- [DIRECTIONS FOR THIS TASK]: Within the entries below, find every line that has the string "sketch", then copy it.

Extracted records:
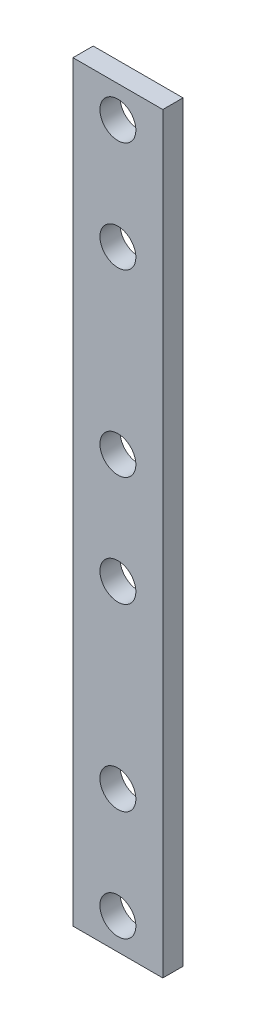
SolidWorks part; units mm, degrees
ref_plane "Front Plane" through (0, 0, 0) normal (0, 0, 1) x (1, 0, 0)
ref_plane "Top Plane" through (0, 0, 0) normal (0, 1, 0) x (1, 0, 0)
ref_plane "Right Plane" through (0, 0, 0) normal (1, 0, 0) x (0, 0, -1)
sketch "Sketch1" plane through (0, 0, 0) normal (0, 0, 1) x (1, 0, 0)
  line L6 (36.342, -82.5) -> (16.342, -82.5)
  line L7 (36.342, -82.5) -> (36.342, 85)
  line L8 (36.342, 85) -> (16.342, 85)
  line L9 (16.342, -82.5) -> (16.342, 85)
extrude "Boss-Extrude1" add sketch "Sketch1" along normal blind 4.5
sketch "Sketch2" plane through (0, 0, 4.5) normal (0, 0, 1) x (1, 0, 0)
  circle A0 centre (26.342, -75.5) radius 4
  circle A1 centre (26.342, -51) radius 4
  circle A2 centre (26.342, -11) radius 4
  circle A3 centre (26.342, 13.5) radius 4
  circle A4 centre (26.342, 53.5) radius 4
  circle A5 centre (26.342, 78) radius 4
  circle A6 centre (26.342, -75.5) radius 4 construction
  circle A7 centre (26.342, -51) radius 4 construction
  circle A8 centre (26.342, -11) radius 4 construction
  circle A9 centre (26.342, 13.5) radius 4 construction
  circle A10 centre (26.342, 53.5) radius 4 construction
  circle A11 centre (26.342, 78) radius 4 construction
extrude "Cut-Extrude1" cut sketch "Sketch2" against normal blind 4.5 contours A0 | A1 | A2 | A3 | A4 | A5

- [WRITTEN SOLUTION]:
sketch "Sketch1" plane through (0, 0, 0) normal (0, 0, 1) x (1, 0, 0)
extrude "Boss-Extrude1" add sketch "Sketch1" along normal blind 4.5
sketch "Sketch2" plane through (0, 0, 4.5) normal (0, 0, 1) x (1, 0, 0)
extrude "Cut-Extrude1" cut sketch "Sketch2" against normal blind 4.5 contours A0 | A1 | A2 | A3 | A4 | A5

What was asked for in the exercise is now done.